# Goat losing hair, fuzzy?



## Whimsy (Jun 18, 2014)

My 3 yo Nubian doe (chardonnay) seems to be losing her hair... I just noticed it today, so it has to have happened relatively quickly ( like 2-3 days) since I last had a good look at her... 
She isn't losing it completely or in patches so much as it just seems like it's thinning and there's just a really thin "undercoat" sort of thing. It also seems like her hair (or what's let of it) has fleecy stuff matted around it... she's always had that, but I'm not sure if there's more or it just seems like it because her hair isn't as thick.
She still seems to be acting normal and she's eating/drinking like normal... my only thought was that it's been getting warmer here... could she be sort of losing her winter coat? Any other ideas?

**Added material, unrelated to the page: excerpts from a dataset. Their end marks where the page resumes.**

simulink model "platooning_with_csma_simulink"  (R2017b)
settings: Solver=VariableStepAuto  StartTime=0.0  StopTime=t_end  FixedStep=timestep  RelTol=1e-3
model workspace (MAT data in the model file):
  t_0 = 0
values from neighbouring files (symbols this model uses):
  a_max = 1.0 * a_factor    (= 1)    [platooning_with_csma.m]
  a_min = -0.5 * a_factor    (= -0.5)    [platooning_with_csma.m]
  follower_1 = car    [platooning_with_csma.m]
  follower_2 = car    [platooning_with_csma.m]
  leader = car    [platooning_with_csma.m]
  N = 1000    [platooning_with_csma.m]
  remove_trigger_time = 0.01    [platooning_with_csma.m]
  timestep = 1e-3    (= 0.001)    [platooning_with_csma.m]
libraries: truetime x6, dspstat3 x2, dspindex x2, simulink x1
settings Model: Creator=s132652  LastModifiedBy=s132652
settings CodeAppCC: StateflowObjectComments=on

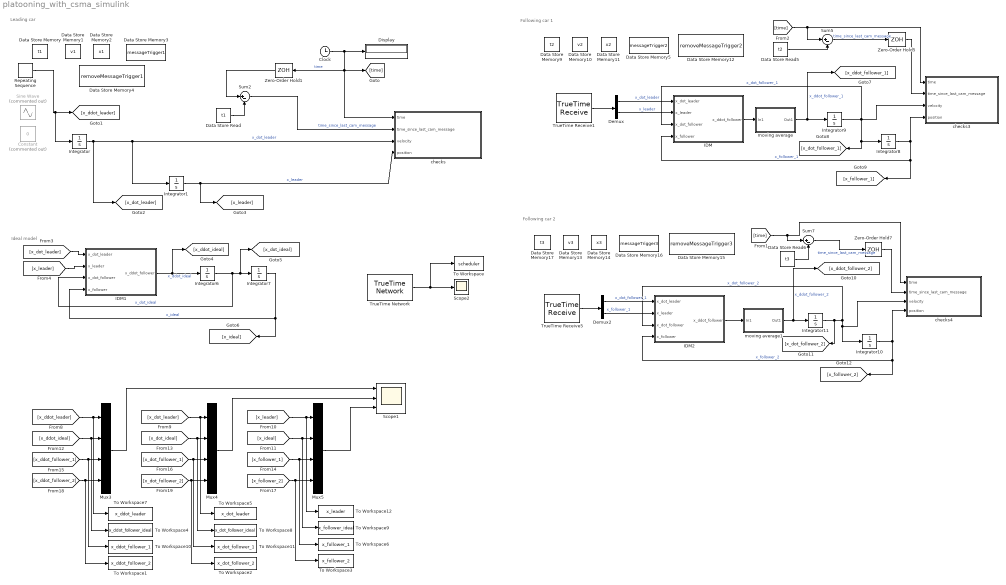
== system platooning_with_csma_simulink ==
  note: Leading car
  note: Ideal model
  note: Following car 1
  note: Following car 2
  Clock : Clock
  Constant : Constant  Commented=on  Value=0
  Data Store Memory : DataStoreMemory  DataStoreName=t1  ReadBeforeWriteMsg=warning  WriteAfterWriteMsg=warning  WriteAfterReadMsg=warning  ShowAdditionalParam=off
  Data Store Memory1 : DataStoreMemory  DataStoreName=v1  ReadBeforeWriteMsg=warning  WriteAfterWriteMsg=warning  WriteAfterReadMsg=warning  InitialValue=leader.v0  ShowAdditionalParam=off
  Data Store Memory10 : DataStoreMemory  DataStoreName=v2  ReadBeforeWriteMsg=warning  WriteAfterWriteMsg=warning  WriteAfterReadMsg=warning  InitialValue=follower_1.v0  ShowAdditionalParam=off
  Data Store Memory11 : DataStoreMemory  DataStoreName=x2  ReadBeforeWriteMsg=warning  WriteAfterWriteMsg=warning  WriteAfterReadMsg=warning  InitialValue=follower_1.x0  ShowAdditionalParam=off
  Data Store Memory12 : DataStoreMemory  DataStoreName=removeMessageTrigger2  ReadBeforeWriteMsg=warning  WriteAfterWriteMsg=warning  WriteAfterReadMsg=warning  ShowAdditionalParam=off
  Data Store Memory13 : DataStoreMemory  DataStoreName=v3  ReadBeforeWriteMsg=warning  WriteAfterWriteMsg=warning  WriteAfterReadMsg=warning  InitialValue=follower_2.v0  ShowAdditionalParam=off
  Data Store Memory14 : DataStoreMemory  DataStoreName=x3  ReadBeforeWriteMsg=warning  WriteAfterWriteMsg=warning  WriteAfterReadMsg=warning  InitialValue=follower_2.x0  ShowAdditionalParam=off
  Data Store Memory15 : DataStoreMemory  DataStoreName=removeMessageTrigger3  ReadBeforeWriteMsg=warning  WriteAfterWriteMsg=warning  WriteAfterReadMsg=warning  ShowAdditionalParam=off
  Data Store Memory16 : DataStoreMemory  DataStoreName=messageTrigger3  ReadBeforeWriteMsg=warning  WriteAfterWriteMsg=warning  WriteAfterReadMsg=warning  ShowAdditionalParam=off
  Data Store Memory17 : DataStoreMemory  DataStoreName=t3  ReadBeforeWriteMsg=warning  WriteAfterWriteMsg=warning  WriteAfterReadMsg=warning  ShowAdditionalParam=off
  Data Store Memory2 : DataStoreMemory  DataStoreName=x1  ReadBeforeWriteMsg=warning  WriteAfterWriteMsg=warning  WriteAfterReadMsg=warning  InitialValue=leader.x0  ShowAdditionalParam=off
  Data Store Memory3 : DataStoreMemory  DataStoreName=messageTrigger1  ReadBeforeWriteMsg=warning  WriteAfterWriteMsg=warning  WriteAfterReadMsg=warning  ShowAdditionalParam=off
  Data Store Memory4 : DataStoreMemory  DataStoreName=removeMessageTrigger1  ReadBeforeWriteMsg=warning  WriteAfterWriteMsg=warning  WriteAfterReadMsg=warning  ShowAdditionalParam=off
  Data Store Memory5 : DataStoreMemory  DataStoreName=messageTrigger2  ReadBeforeWriteMsg=warning  WriteAfterWriteMsg=warning  WriteAfterReadMsg=warning  ShowAdditionalParam=off
  Data Store Memory9 : DataStoreMemory  DataStoreName=t2  ReadBeforeWriteMsg=warning  WriteAfterWriteMsg=warning  WriteAfterReadMsg=warning  ShowAdditionalParam=off
  Data Store Read : DataStoreRead  DataStoreName=t1
  Data Store Read5 : DataStoreRead  DataStoreName=t2
  Data Store Read6 : DataStoreRead  DataStoreName=t3
  Demux : Demux  Outputs=2
  Demux2 : Demux  Outputs=2
  Display : Display
  IDM : Subsystem
  IDM1 : Subsystem
  IDM2 : Subsystem
  Integrator : Integrator  InitialCondition=leader.v0
  Integrator1 : Integrator  InitialCondition=leader.x0
  Integrator10 : Integrator  InitialCondition=follower_2.x0
  Integrator11 : Integrator  InitialCondition=follower_2.v0
  Integrator6 : Integrator  InitialCondition=follower_1.v0
  Integrator7 : Integrator  InitialCondition=follower_1.x0
  Integrator8 : Integrator  InitialCondition=follower_1.x0
  Integrator9 : Integrator  InitialCondition=follower_1.v0
  Mux3 : Mux
  Mux4 : Mux
  Mux5 : Mux
  Repeating Sequence : simulink/Sources/Repeating Sequence  rep_seq_t=[0 5 10 15 20 25 30 35 40 45 50 55 60 65 70]  rep_seq_y=[0 0 0 0 0 a_max a_max 0 0 0 a_min a_min 0 0 0]
  Scope1 : Scope  NumInputPorts=3
  Scope2 : Scope
  Sine Wave : Sin  Commented=on  Frequency=2*pi/10  SampleTime=0
  Sum2 : Sum  Inputs=|+-
  Sum5 : Sum  Inputs=|+-
  Sum7 : Sum  Inputs=|+-
  To Workspace : ToWorkspace  VariableName=scheduler  SaveFormat=Timeseries  SampleTime=-1
  To Workspace1 : ToWorkspace  VariableName=x_ddot_follower_2  SaveFormat=Timeseries  SampleTime=-1
  To Workspace10 : ToWorkspace  VariableName=x_ddot_follower_1  SaveFormat=Timeseries  SampleTime=-1
  To Workspace11 : ToWorkspace  VariableName=x_dot_follower_1  SaveFormat=Timeseries  SampleTime=-1
  To Workspace12 : ToWorkspace  VariableName=x_leader  SaveFormat=Timeseries  SampleTime=-1
  To Workspace2 : ToWorkspace  VariableName=x_dot_follower_2  SaveFormat=Timeseries  SampleTime=-1
  To Workspace3 : ToWorkspace  VariableName=x_follower_2  SaveFormat=Timeseries  SampleTime=-1
  To Workspace4 : ToWorkspace  VariableName=x_ddot_follower_ideal  SaveFormat=Timeseries  SampleTime=-1
  To Workspace5 : ToWorkspace  VariableName=x_dot_leader  SaveFormat=Timeseries  SampleTime=-1
  To Workspace6 : ToWorkspace  VariableName=x_follower_1  SaveFormat=Timeseries  SampleTime=-1
  To Workspace7 : ToWorkspace  VariableName=x_ddot_leader  SaveFormat=Timeseries  SampleTime=-1
  To Workspace8 : ToWorkspace  VariableName=x_dot_follower_ideal  SaveFormat=Timeseries  SampleTime=-1
  To Workspace9 : ToWorkspace  VariableName=x_follower_ideal  SaveFormat=Timeseries  SampleTime=-1
  TrueTime Network : truetime/TrueTime Network  nwtype=CSMA/AMP (CAN)  nwnbr=1  nnodes=3  rate=data_rate  minsize=512  lossprob=0  seed=0  bandwidths=[0.5 0.5]  slotsize=512  schedule=[1 1 2]  memsize=80000  buftype=Common buffer  overflow=Retransmit  dynSchedule=0  miniSlotSize=0  NIT=0  QSortMode=FIFO  sync=0  irtSchedule=0  nrtLength=0  nodeGraph=0  scheduleoutput=on
  TrueTime Receive1 : truetime/TrueTime Receive  nwnbr=1  receiver=1  outdim=2  triggeroutput=off  senderoutput=off  lengthoutput=off  priorityoutput=off  timestampoutput=off  signalpoweroutput=off  msgIDoutput=off
  TrueTime Receive5 : truetime/TrueTime Receive  nwnbr=1  receiver=2  outdim=2  triggeroutput=off  senderoutput=off  lengthoutput=off  priorityoutput=off  timestampoutput=off  signalpoweroutput=off  msgIDoutput=off
  Zero-Order Hold1 : ZeroOrderHold  SampleTime=timestep
  Zero-Order Hold5 : ZeroOrderHold  SampleTime=timestep
  Zero-Order Hold7 : ZeroOrderHold  SampleTime=timestep
  checks : Subsystem
  checks3 : Subsystem
  checks4 : Subsystem
  moving average : Subsystem
  moving average1 : Subsystem
  wires:
  TrueTime Network/1 -> To Workspace/1, Scope2/1
  Sum2/1 -> checks/2(time_since_last_cam_message)  "time_since_last_cam_message"
  Data Store Read/1 -> Sum2/2
  Integrator6/1 -> IDM1/3(x_dot_follower), [x_dot_ideal], Integrator7/1  "x_dot_ideal"
  Integrator/1 -> [x_dot_leader], Integrator1/1, checks/3(velocity)  "x_dot_leader"
  IDM1/1(x_ddot_follower) -> [x_ddot_ideal], Integrator6/1  "x_ddot_ideal"
  Integrator7/1 -> [x_ideal], IDM1/4(x_follower)  "x_ideal"
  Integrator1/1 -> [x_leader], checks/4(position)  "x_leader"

Thanks : )


----------



## NyGoatMom (Jan 26, 2013)

Most likely losing her winter coat but pics would help determine if it's a "normal" shedding.


----------



## rebelINny (Feb 7, 2014)

Following. One of my does is doing the same thing


----------



## happybleats (Sep 12, 2010)

Ive been brushing my goats out...some have a thick white fuzzy cotton like under hair that Im combing out...we call it winter fluff...now that weather is getting warmer we will see coats thin...as long as you cant see skin through it or it becoming bare or patches...also skin should not be scabby or scaly...brushing and combing really helps get it off faster...


----------



## Goat_in_Himmel (Jun 24, 2013)

Following also. It sounds like Whimsy is describing the hair coat thinning as well as the undercoat. I have a buckling doing that--he gets the same as the other boys, and additional supplements, but--!?


----------



## Whimsy (Jun 18, 2014)

Alright, so I probably shouldn't worry unless she starts acting strange? I'll try and see if I can snag someone to help me take a pic later... she's kinda squirmy ; )


----------



## rebelINny (Feb 7, 2014)

Here's a pic of my doe that is doing this. Her normal outer coat has almost completely fallen out and is replaced by this downy, ultra-soft coat


----------



## TDG-Farms (Jul 12, 2013)

zinc deficiency can cause hair lose but that usually leaves nasty course hair. How does her skin look? Where are you located?


----------



## sweetgoats (Oct 18, 2007)

Has she kidded lately? My vet said stress can do it also but I would also think Zinc and maybe Vit D def. It could just be loosing her winter coat.


----------



## happybleats (Sep 12, 2010)

we had some hair loss in a few who were on antibiotics for a long period of time...the liver needed a good detox and hair grew back nicely..
I would be sure she is getting her fair share of loose minerals...check her skin, be sure its not crusty...any flakes ?


----------



## goathiker (Apr 14, 2011)

All of mine shed exactly that way. They shed the really long waterproof hairs, them they shed the down, and end up with about an 1/2 inch coat for the summer.


----------



## Whimsy (Jun 18, 2014)

Yeah rebel that's exactly what mine looks like!
Her skin is normal, not scaly or anything. We're located in maine so the winter's just getting over here... (its about time...)
We didn't breed her this year, or any of our does for that matter. We moved and didn't find a good buck ; ) 
I'll make sure she gets some minerals tonight and see if she's really eating them or not. Thanks for the help : )


----------



## rebelINny (Feb 7, 2014)

Well my doe had listeriosis and was getting antibiotics for almost a month straight. So definitely could be from that. She was bred but either didn't settle or baby slipped early on since she was sick. She doesn't seem to have flaky skin but a lot of my other does have "dandruff". They seem to do this every year at this time.


----------